Materials and methods
This retrospective, Institutional Review Board-approved study involved review of all abdominal dynamic contrast-enhanced imaging at a tertiary children’s hospital during a 10-year period, yielding 151 liver lesions in patients <18 years. Cases with active extrahepatic malignancy or an inadequate reference standard were excluded. Two readers independently evaluated all included hepatic lesions using LI-RADS criteria. Pathology and imaging follow-up were used as reference standards.
Results
A total of 41 lesions in 41 patients met criteria for evaluation (3 HCCs, 8 non-HCC malignancies, 30 benign lesions). A LI-RADS designation of definite HCC had high sensitivity (Reader 1/Reader 2: 100%, 95% confidence interval [CI] 31–100%) and high specificity (Reader 1: 84%, 95% CI: 68–93%; Reader 2: 97%, 95% CI: 85–100%) for predicting HCC. However, positive predictive value was only 33% (95% CI: 9–69%) and 75% (95% CI: 22–99%) for Reader 1 and Reader 2, respectively.
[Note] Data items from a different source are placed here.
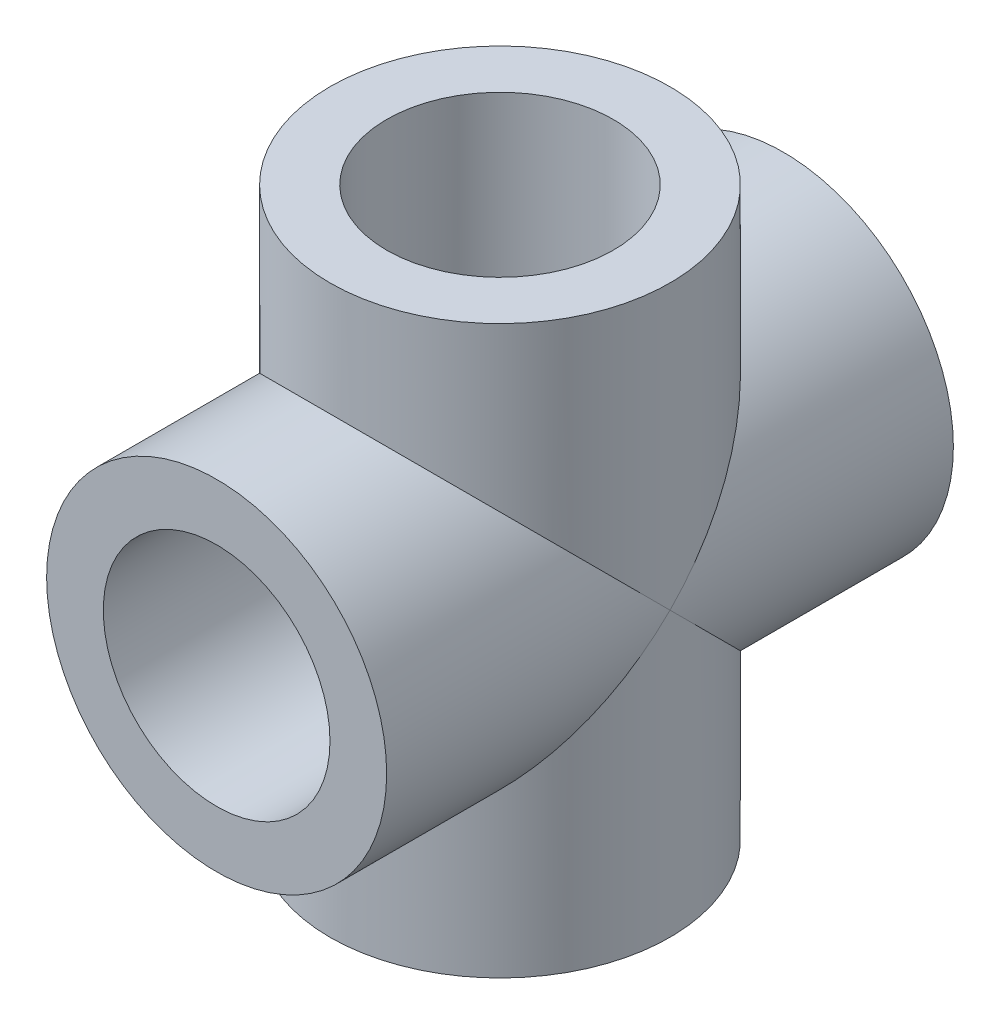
from build123d import *

# Parameters (mm, degrees)
SKETCH_1_R          = 6
EXTRUDE_1_DEPTH     = 20
SKETCH_2_R          = 6
EXTRUDE_2_DEPTH     = 10
SKETCH_3_R          = 4
CUT_EXTRUDE_1_DEPTH = 10
SKETCH_4_R          = 4
CUT_EXTRUDE_2_DEPTH = 20


with BuildPart() as part:
    # Sketch 1 → Extrude 1 (new body)
    with BuildSketch(Plane(origin=(0, 0, 0), x_dir=(1, 0, 0), z_dir=(0, 1, 0))):
        with Locations(Location((0, 0, 0), (0, 0, 270))):
            Circle(SKETCH_1_R)
    extrude(amount=EXTRUDE_1_DEPTH)

    # Sketch 2 → Extrude 2 (add, symmetric)
    with BuildSketch(Plane.XY):
        with Locations((0, 10)):
            Circle(SKETCH_2_R)
    extrude(amount=EXTRUDE_2_DEPTH, both=True)

    # Sketch 3 → Cut-Extrude 1 (cut, symmetric)
    with BuildSketch(Plane.XY):
        with Locations((0, 10)):
            Circle(SKETCH_3_R)
    extrude(amount=CUT_EXTRUDE_1_DEPTH, both=True, mode=Mode.SUBTRACT)

    # Sketch 4 → Cut-Extrude 2 (cut, symmetric)
    with BuildSketch(Plane(origin=(0, 0, 0), x_dir=(1, 0, 0), z_dir=(0, 1, 0))):
        with Locations(Location((0, 0, 0), (0, 0, 270))):
            Circle(SKETCH_4_R)
    extrude(amount=CUT_EXTRUDE_2_DEPTH, both=True, mode=Mode.SUBTRACT)


solid = part.part
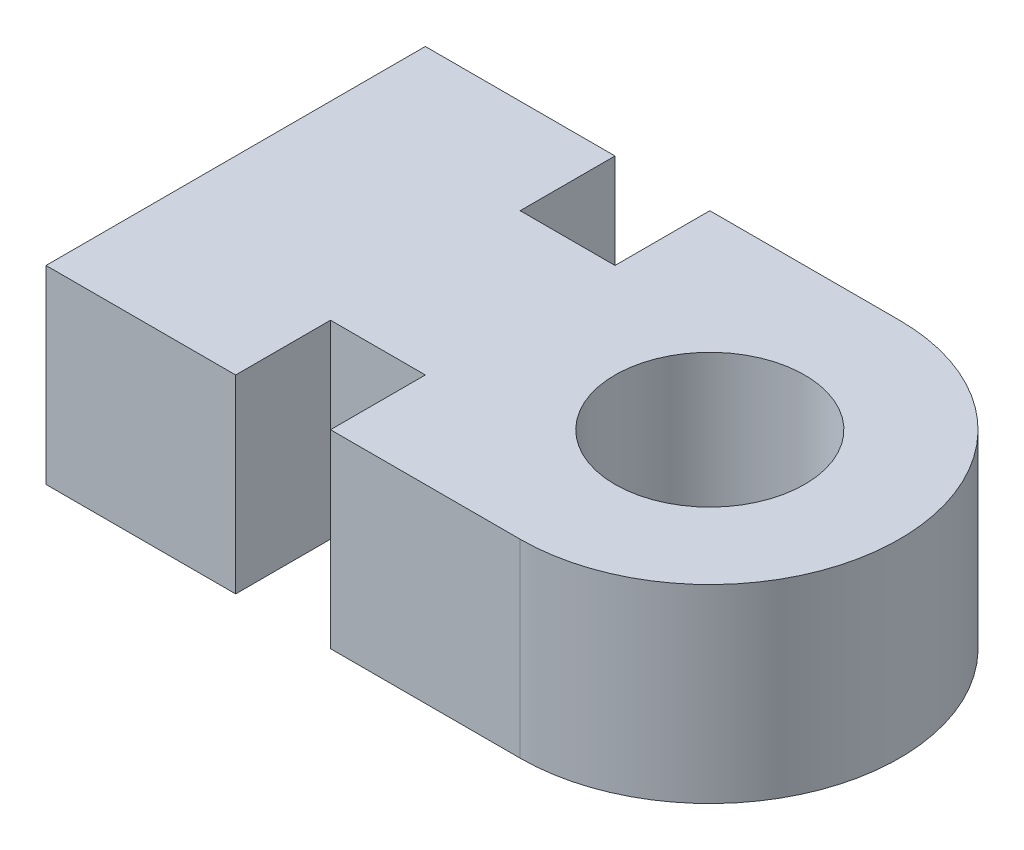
from build123d import *

# Parameters (mm, degrees)
SKETCH1_R      = 10
EXTRUDE1_DEPTH = 10


with BuildPart() as part:
    # Sketch1 → Extrude1 (new, symmetric)
    with BuildSketch(Plane(origin=(0, 0, 0), x_dir=(1, 0, 0), z_dir=(0, 1, 0))):
        with BuildLine():
            Line((0, 20), (-20, 20))
            Line((-20, 20), (-20, 10))
            Line((-20, 10), (-30, 10))
            Line((-30, 10), (-30, 20))
            Line((-30, 20), (-50, 20))
            Line((-50, 20), (-50, -20))
            Line((-50, -20), (-30, -20))
            Line((-30, -20), (-30, -10))
            Line((-30, -10), (-20, -10))
            Line((-20, -10), (-20, -20))
            Line((-20, -20), (0, -20))
            ThreePointArc((0, -20), (20, 0), (0, 20))
        make_face()
        with Locations(Location((0, 0, 0), (0, 0, 270))):
            Circle(SKETCH1_R, mode=Mode.SUBTRACT)
    extrude(amount=EXTRUDE1_DEPTH, both=True)


solid = part.part

For predicting any type of hepatic malignancy, a LI-RADS designation of definitely or likely malignant (i.e. not necessarily HCC) had a sensitivity of 100% (95% CI: 74–100%) and 90% (95% CI: 61–100%) for Reader 1 and Reader 2, respectively, and a negative predictive value (NPV) of 100% (95% CI: 81–100%) and 96% (95% CI: 83–99%) for Reader 1 and Reader 2, respectively. Interobserver agreement was substantial for the overall LI-RADS category (weighted κ=0.62; 95% CI: 0.38–0.86).
Conclusion
The positive predictive value of LI-RADS v2017 for diagnosing HCC was limited by the low frequency of HCC among pediatric patients. However, a LI-RADS designation of definitely or likely malignant had high sensitivity and NPV for any type of hepatic malignancy and may serve to direct clinical management by selecting patients for tissue sampling.